Engineering Contradictions & Design Principles
Engineering Contradiction Analysis
1Measurement precision
If traditional project management tools are used, then ease of operation is maintained, but prediction accuracy of product execution outcome and lifespan is insufficient
Solution Approach 1:
A multi-target machine learning model serves as an intermediary between historical product data and future execution outcomes. The model processes multiple input features (product type, business domain, language, database, consumption, deployment) and simultaneously predicts both execution outcome and lifespan, resolving the contradiction by introducing an intelligent mediation layer that enhances prediction accuracy without requiring direct complex manual analysis
Solution Approach 2:
The machine learning model performs multiple prediction functions simultaneously - it predicts both execution outcome (classification) and lifespan (regression) from the same input features. This multi-functionality allows a single system to address multiple prediction needs, improving overall measurement precision while avoiding the need for separate complex analysis tools for each prediction type
2Productivity
If multiple prediction targets are addressed simultaneously, then productivity is improved through comprehensive insights, but device complexity increases due to multi-target modeling
Solution Approach 1:
The patent combines multiple prediction tasks (execution outcome prediction and lifespan prediction) into a single multi-target machine learning model.
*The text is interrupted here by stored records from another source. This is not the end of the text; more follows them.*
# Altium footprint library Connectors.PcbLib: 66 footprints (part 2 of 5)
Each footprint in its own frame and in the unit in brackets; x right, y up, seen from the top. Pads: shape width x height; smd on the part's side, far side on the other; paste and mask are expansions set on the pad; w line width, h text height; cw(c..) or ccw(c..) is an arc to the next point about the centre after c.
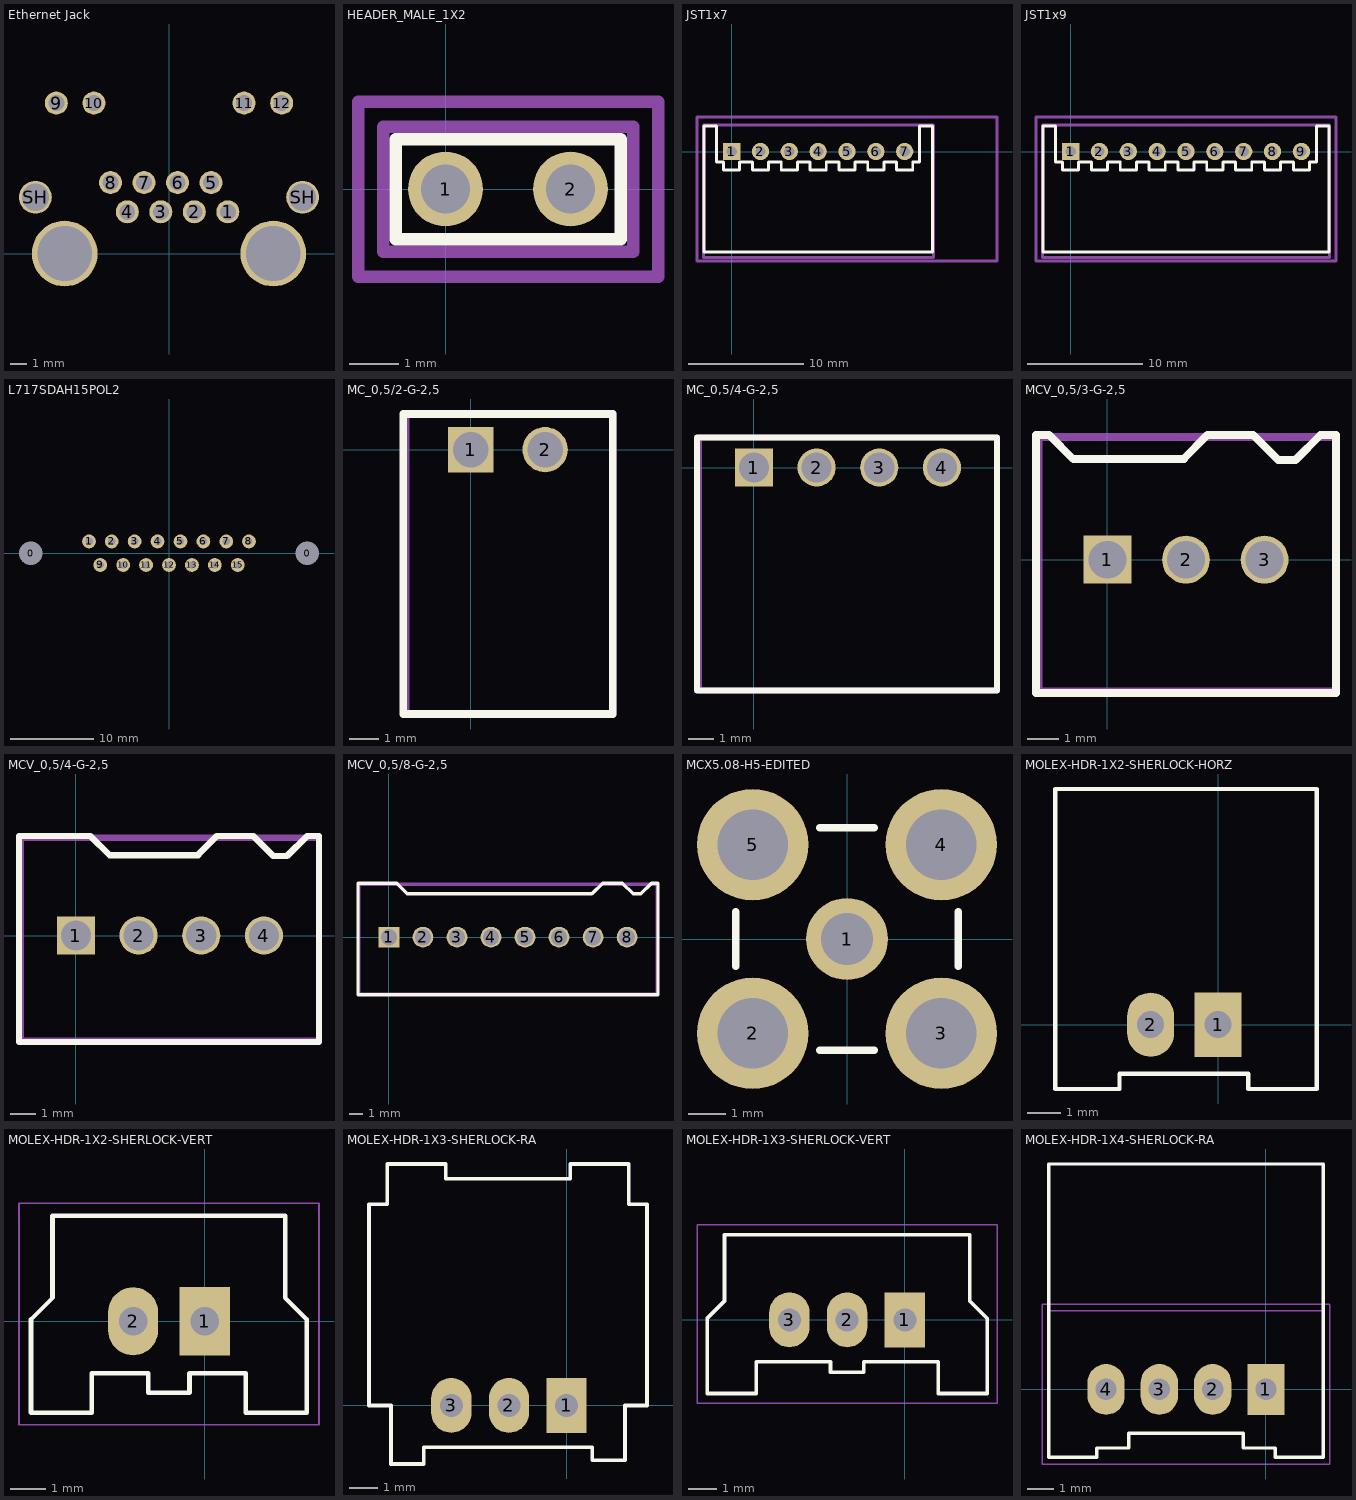
[diagram p1: the footprints below, top view; thin cyan lines are the x and y axes]

## Ethernet Jack [mm] "CONN MOD JACK 8P8C R/A SHIELDED"
height 13.97
pads (16):
  round 1.4 hole 0.97: 1(3.58,2.54) 2(1.54,2.54) 3(-0.5,2.54) 4(-2.54,2.54) 5(2.56,4.32) 6(0.52,4.32) 7(-1.52,4.32) 8(-3.56,4.32) 9(-6.86,9.16) 10(-4.57,9.16) 11(4.57,9.16) 12(6.86,9.16)
  round 2 hole 1.65: SH(-8.13,3.43) SH(8.13,3.43)
  round 4 hole 3.33: ""(-6.35,0) ""(6.35,0)
3D body "c-6116075-04-a-3d.stp": height 13.03, standoff -4.5, extent -8.323,-6.276 8.314,10.437

## HEADER_MALE_1X2 [mil]
pads (2):
  round 60 hole 39.37: 1(0,0) 2(100,0)
Top Overlay:
  lines w10: -40,-40 -40,40 140,40 140,-40 -40,-40
Mechanical 13:
  lines w10: -50,-50 150,-50 150,50 -50,50 -50,-50
Mechanical 15:
  lines w10: -70,-70 170,-70 170,70 -70,70 -70,-70

## JST1x7 [mm]
height 6.1
pads (7):
  rect 1.5x1.5 hole 0.9: 1(0,0)
  round 1.5 hole 0.9: 2(2.5,0) 3(5,0) 4(7.5,0) 5(10,0) 6(12.5,0) 7(15,0)
Top Overlay:
  lines w0.254: 17.4,2.2 16.3,2.2 16.3,-0.9 15.7,-0.9 15.7,-1.6 14.3,-1.6 14.3,-0.9 13.2,-0.9 13.2,-1.6 11.8,-1.6 11.8,-0.9 10.7,-0.9 10.7,-1.6 9.3,-1.6 9.3,-0.9 8.2,-0.9 8.2,-1.6 6.8,-1.6 6.8,-0.9 5.7,-0.9 5.7,-1.6 4.3,-1.6 4.3,-0.9 3.2,-0.9 3.2,-1.6 1.8,-1.6 1.8,-0.9 0.7,-0.9 0.7,-1.6 -0.7,-1.6 -0.7,-0.9 -1.3,-0.9 -1.3,2.2 -2.4,2.2 -2.4,-8.7 17.425,-8.7 17.425,2.2
Mechanical 13:
  lines w0.254: -2.45,-9.2 -2.45,2.3 17.5,2.3 17.5,-9.2 -2.45,-9.2
Mechanical 15:
  lines w0.254: -3,-9.5 -3,3 23,3 23,-9.5 -3,-9.5
3D body "S9B-XH-A.STEP": height 6.17, standoff -3.37, extent -2.45,-9.2 22.45,2.3
3D body "S7B-XH-A.STEP": height 6.17, standoff -3.37, extent -2.45,-9.15 17.45,2.35

## JST1x9 [mm]
height 9.8
pads (9):
  rect 1.5x1.5 hole 0.9: 1(0,0)
  round 1.5 hole 0.9: 2(2.5,0) 3(5,0) 4(7.5,0) 5(10,0) 6(12.5,0) 7(15,0) 8(17.5,0) 9(20,0)
Top Overlay:
  lines w0.254: -2.4,-8.7 22.4,-8.7 22.4,2.2 21.3,2.2 21.3,-0.9 20.7,-0.9 20.7,-1.6 19.3,-1.6 19.3,-0.9 18.2,-0.9 18.2,-1.6 16.8,-1.6 16.8,-0.9 15.7,-0.9 15.7,-1.6 14.3,-1.6 14.3,-0.9 13.2,-0.9 13.2,-1.6 11.8,-1.6 11.8,-0.9 10.7,-0.9 10.7,-1.6 9.3,-1.6 9.3,-0.9 8.2,-0.9 8.2,-1.6 6.8,-1.6 6.8,-0.9 5.7,-0.9 5.7,-1.6 4.3,-1.6 4.3,-0.9 3.2,-0.9 3.2,-1.6 1.8,-1.6 1.8,-0.9 0.7,-0.9 0.7,-1.6 -0.7,-1.6 -0.7,-0.9 -1.3,-0.9 -1.3,2.2 -2.4,2.2 -2.4,-8.7
Mechanical 13:
  lines w0.254: -2.45,-9.2 22.45,-9.2 22.45,2.3 -2.45,2.3 -2.45,-9.2
Mechanical 15:
  lines w0.254: -3,-9.5 23,-9.5 23,3 -3,3 -3,-9.5
3D body "S9B-XH-A.STEP": height 6.17, standoff -3.37, extent -2.45,-9.2 22.45,2.3
3D body "S9B-XH-A.STEP": height 6.17, standoff -3.37, extent -2.45,-9.225 22.45,2.275

## L717SDAH15POL2 [mm] "CONN D-SUB PLUG 15POS VERT SLDR"
height 11
pads (17):
  round 1.524 hole 2.84: 0(-16.65,0) 0(16.65,0)
  round 1.662 hole 0.9: 1(-9.63,1.42) 2(-6.9,1.42) 3(-4.14,1.42) 4(-1.38,1.42) 5(1.38,1.42) 6(4.14,1.42) 7(6.9,1.42) 8(9.63,1.42) 9(-8.28,-1.42) 10(-5.52,-1.42) 11(-2.76,-1.42) 12(0,-1.42) 13(2.76,-1.42) 14(5.52,-1.42) 15(8.28,-1.42)
Top Layer:
  pour cut-out: 3.886,-4.851
3D body "L717SDAH15POL2.stp": height 11.69, standoff -5.01, extent -19.6,-6.274 19.6,6.276

## MC_0,5/2-G-2,5 [mil] "CONN TERM BLOCK 2.50MM 2POS RIGHT ANGLE"
pads (2):
  rect 60x60 hole 47.24: 1(0,0)
  round 60 hole 47.24: 2(98.43,0)
Top Overlay:
  lines w10: -89.57,-350.39 -89.57,47.24 187.99,47.24 187.99,-350.39 -89.57,-350.39
Mechanical 13:
  lines w10: -86.61,-350.39 -86.61,47.24 187.99,47.24 187.99,-350.39 -86.61,-350.39
Mechanical 15:
  lines w10: -86.61,-350.39 187.99,-350.39 187.99,47.24 -86.61,47.24 -86.61,-350.39
3D body "1881448_00.stp": height 318.9, standoff -137.8, extent -87,-349.82 184.65,47.82

## MC_0,5/4-G-2,5 [mil] "CONN TERM BLOCK 2.50MM 4POS RIGHT ANGLE"
pads (4):
  rect 60x60 hole 47.24: 1(0,0)
  round 60 hole 47.24: 2(98.43,0) 3(196.85,0) 4(295.27,0)
Top Overlay:
  lines w10: -89.57,-350.39 -89.57,47.24 381.89,47.24 381.89,-350.39 -89.57,-350.39
Mechanical 13:
  lines w10: -86.61,-350.39 -86.61,47.24 381.89,47.24 381.89,-350.39 -86.61,-350.39
Mechanical 15:
  lines w10: -86.61,-350.39 381.89,-350.39 381.89,47.24 -86.61,47.24 -86.61,-350.39
3D body "1881464.stp": height 137.8, standoff -318.9, extent -87.25,-349.64 381.25,48

## MCV_0,5/3-G-2,5 [mil] "CONN TERM BLOCK 2.50MM 3POS"
pads (3):
  rect 60x60 hole 47.24: 1(0,0)
  round 60 hole 47.24: 2(98.43,0) 3(196.85,0)
Top Overlay:
  lines w10: 94.94,125.98 125.46,156.5 182.54,156.5 214.04,125 235.69,125 267.19,156.5 285.89,156.5 ; 95.93,125.98 -42.85,125.98 -73.36,156.5 -89.57,156.5 -89.57,-167.32 286.42,-167.32 286.42,156.5
Mechanical 13:
  lines w10: -86.61,-165.35 -86.61,153.54 286.42,153.54 286.42,-165.35 -86.61,-165.35
Mechanical 15:
  lines w10: 286.42,-165.35 -86.61,-165.35 -86.61,153.54 286.42,153.54 ; 286.42,-164.37 286.42,154.53
3D body "1881561.stp": height 397.64, standoff -137.8, extent -87.04,-165 283.04,153.9

## MCV_0,5/4-G-2,5 [mil] "CONN TERM BLOCK 2.50MM 4POS"
pads (4):
  rect 60x60 hole 47.24: 1(0,0)
  round 60 hole 47.24: 2(98.43,0) 3(196.85,0) 4(295.28,0)
Top Overlay:
  lines w10: 190.94,125.98 221.46,156.5 278.54,156.5 310.04,125 331.69,125 363.19,156.5 381.89,156.5 381.89,-167.32 -89.57,-167.32 -89.57,156.5 22.64,156.5 53.15,125.98 191.93,125.98
Mechanical 13:
  lines w10: -86.61,-165.35 381.89,-165.35 381.89,153.54 -86.61,153.54 -86.61,-165.35
Mechanical 15:
  lines w10: 381.89,-165.35 -86.61,-165.35 -86.61,153.54 381.89,153.54 ; 381.89,-164.37 381.89,154.53
3D body "1881574.stp": height 397.64, standoff -137.8, extent -86.61,-165.35 381.89,153.54

## MCV_0,5/8-G-2,5 [mil] "CONN TERM BLOCK 2.50MM 8POS"
pads (8):
  rect 60x60 hole 47.24: 1(0,0)
  round 60 hole 47.24: 2(98.43,0) 3(196.85,0) 4(295.28,0) 5(393.7,0) 6(492.13,0) 7(590.55,0) 8(688.98,0)
Top Overlay:
  lines w10: -89.57,-167.32 -89.57,156.5 22.64,156.5 53.15,125.98 587.6,125.98 618.11,156.5 675.2,156.5 706.69,125 728.35,125 759.84,156.5 778.54,156.5 778.54,-167.32 -89.57,-167.32
Mechanical 13:
  lines w10: -86.61,-165.35 -86.61,153.54 775.59,153.54 775.59,-165.35 -86.61,-165.35
Mechanical 15:
  lines w10: -86.61,-165.35 775.59,-165.35 775.59,153.54 -86.61,153.54 -86.61,-165.35
3D body "1881613.stp": height 397.64, standoff -137.8, extent -86.61,-165.35 775.59,153.54

## MCX5.08-H5-EDITED [mm] "Connector; RF Coaxial, MCX, Thru-Hole; 5 Position; Edited for hole size 0.2mm larger"
height 5.85
pads (5):
  round 2.2 hole 1.4: 1(0,0)
  round 3 hole 1.9: 2(-2.54,-2.54) 3(2.54,-2.54) 4(2.54,2.54) 5(-2.54,2.54)
Top Overlay:
  lines w0.2: -3,-0.74 -3,0.74 ; -0.74,-3 0.74,-3 ; -0.74,3 0.74,3 ; 3,-0.74 3,0.74

## MOLEX-HDR-1X2-SHERLOCK-HORZ [mm]
height 8.5
pads (2):
  rect 1.397x1.905 hole 0.8: 1(0,0)
  oval 1.397x1.905 hole 0.8: 2(-2,0)
Top Overlay:
  lines w0.127: -4.826,-1.905 -2.921,-1.905 -2.921,-1.45 -1.575,-1.45 -0.425,-1.45 0.889,-1.45 0.889,-1.905 2.921,-1.905 2.921,-0.021 2.921,6.985 -4.826,6.985 -4.826,0.074 -4.826,-1.905
3D body "353630260.stp": height 5.54, standoff -3.16, extent -4.826,-1.905 2.874,8.595

## MOLEX-HDR-1X2-SHERLOCK-VERT [mm]
height 8.5
pads (2):
  rect 1.397x1.905 hole 0.8: 1(0,0)
  oval 1.397x1.905 hole 0.8: 2(-2,0)
Top Overlay:
  lines w0.127: -4.85,-2.55 -4.85,0.05 -4.25,0.65 -4.25,2.95 2.25,2.95 2.25,0.65 2.85,0.05 2.85,-2.55 1.15,-2.55 1.15,-1.45 -0.425,-1.45 -0.425,-1.99 -1.575,-1.99 -1.575,-1.45 -3.15,-1.45 -3.15,-2.55 -4.85,-2.55
Mechanical 13:
  lines w0.05: -4.85,-2.55 -3.15,-2.55 -3.15,-1.45 -1.575,-1.45 -1.575,-1.99 -0.425,-1.99 -0.425,-1.45 1.15,-1.45 1.15,-2.55 2.85,-2.55 2.85,0.05 2.25,0.65 2.25,2.95 -4.25,2.95 -4.25,0.65 -4.85,0.05 -4.85,-2.55
Mechanical 15:
  lines w0.05: -5.185,-2.89 3.19,-2.89 3.19,3.295 -5.185,3.295 -5.185,-2.89
3D body "molex-sherlock-2v-353620250.stp": height 8.5, standoff -3.3, extent -4.866,-2.591 2.834,2.959

## MOLEX-HDR-1X3-SHERLOCK-RA [mm]
height 8.5
pads (3):
  rect 1.397x1.905 hole 0.8: 1(0,0)
  oval 1.397x1.905 hole 0.8: 2(-2,0) 3(-4,0)
Top Overlay:
  lines w0.127: -6.858,0 -6.096,0 -6.096,-2.032 -4.953,-2.032 -4.953,-1.45 -2.575,-1.45 -1.425,-1.45 0.889,-1.45 0.889,-1.905 2.032,-1.905 2.032,0 2.794,0 2.794,6.985 2.159,6.985 2.159,8.382 0.127,8.382 0.127,7.874 -4.191,7.874 -4.191,8.382 -6.223,8.382 -6.223,6.985 -6.858,6.985 -6.858,0
3D body "353630360.stp": height 5.75, standoff -2.95, extent -6.882,-1.991 2.818,8.509

## MOLEX-HDR-1X3-SHERLOCK-VERT [mm]
height 8.5
pads (3):
  rect 1.397x1.905 hole 0.8: 1(0,0)
  oval 1.397x1.905 hole 0.8: 2(-2,0) 3(-4,0)
Top Overlay:
  lines w0.127: -6.85,-2.55 -5.15,-2.55 -5.15,-1.45 -2.575,-1.45 -2.575,-1.82 -1.425,-1.82 -1.425,-1.45 1.15,-1.45 1.15,-2.55 2.85,-2.55 2.85,0.05 2.25,0.65 2.25,2.95 -6.25,2.95 -6.25,0.65 -6.85,0.05 -6.85,-2.55
Mechanical 13:
  lines w0.05: -6.85,-2.55 -6.85,0.05 -6.25,0.65 -6.25,2.95 2.25,2.95 2.25,0.65 2.85,0.05 2.85,-2.55 1.15,-2.55 1.15,-1.45 -1.425,-1.45 -1.425,-1.82 -2.575,-1.82 -2.575,-1.45 -5.15,-1.45 -5.15,-2.55 -6.85,-2.55
Mechanical 15:
  lines w0.05: -7.2,-2.89 3.19,-2.89 3.19,3.295 -7.2,3.295 -7.2,-2.89
3D body "353620350.stp": height 8.57, standoff -3.23, extent -6.882,-2.565 2.818,2.985

## MOLEX-HDR-1X4-SHERLOCK-RA [mm]
height 8.5
pads (4):
  rect 1.397x1.905 hole 0.8: 1(0,0)
  oval 1.397x1.905 hole 0.8: 2(-2,0) 3(-4,0) 4(-6,0)
Top Overlay:
  lines w0.127: -8.15,-2.55 -6.35,-2.55 -6.35,-2.2 -5.15,-2.2 -5.15,-1.65 -0.85,-1.65 -0.85,-2.2 0.35,-2.2 0.35,-2.55 2.15,-2.55 2.15,2.95 2.15,8.449 2.141,8.458 -8.147,8.458 -8.15,8.455 -8.15,2.95 -8.15,-2.55
Mechanical 13:
  lines w0.05: -8.15,-2.55 -8.15,2.95 2.15,2.95 2.15,-2.55 0.35,-2.55 0.35,-2.2 -0.85,-2.2 -0.85,-1.65 -5.15,-1.65 -5.15,-2.2 -6.35,-2.2 -6.35,-2.55 -8.15,-2.55
Mechanical 15:
  lines w0.05: -8.4,-2.8 -8.4,3.2 2.4,3.2 2.4,-2.8 -8.4,-2.8
3D body "353630460.stp": height 5.54, standoff -3.16, extent -8.173,-1.981 2.127,8.519

By merging these functions into one unified system that processes shared input features simultaneously, the solution improves productivity through comprehensive insights while managing complexity through shared computational infrastructure and feature processing pipelines
3Measurement precision
If historical data from multiple dimensions is utilized, then measurement precision of predictions is improved, but loss of time in data processing increases
Solution Approach 1:
The system performs preliminary processing of historical product data during the training phase, pre-computing feature representations and relationships across multiple dimensions (product type, business domain, language, database, consumption, deployment). This preliminary action stores learned patterns and correlations in the trained model, enabling fast predictions on new products without re-processing all historical data, thus improving measurement precision while minimizing time loss during actual prediction operations
Data Source
AI summary
An example methodology includes, by a computing device, receiving information regarding a product from another computing device and determining one or more relevant features from the information regarding the product, the one or more relevant features influencing predictions of a product execution outcome and a lifespan estimate. The method also includes, by the computing device, generating, using a multi-target machine learning (ML) model, a first prediction of an execution outcome of the product and a second prediction of a lifespan estimate of the product based on the determined one or more relevant features, and sending the first and second predictions to the another computing device.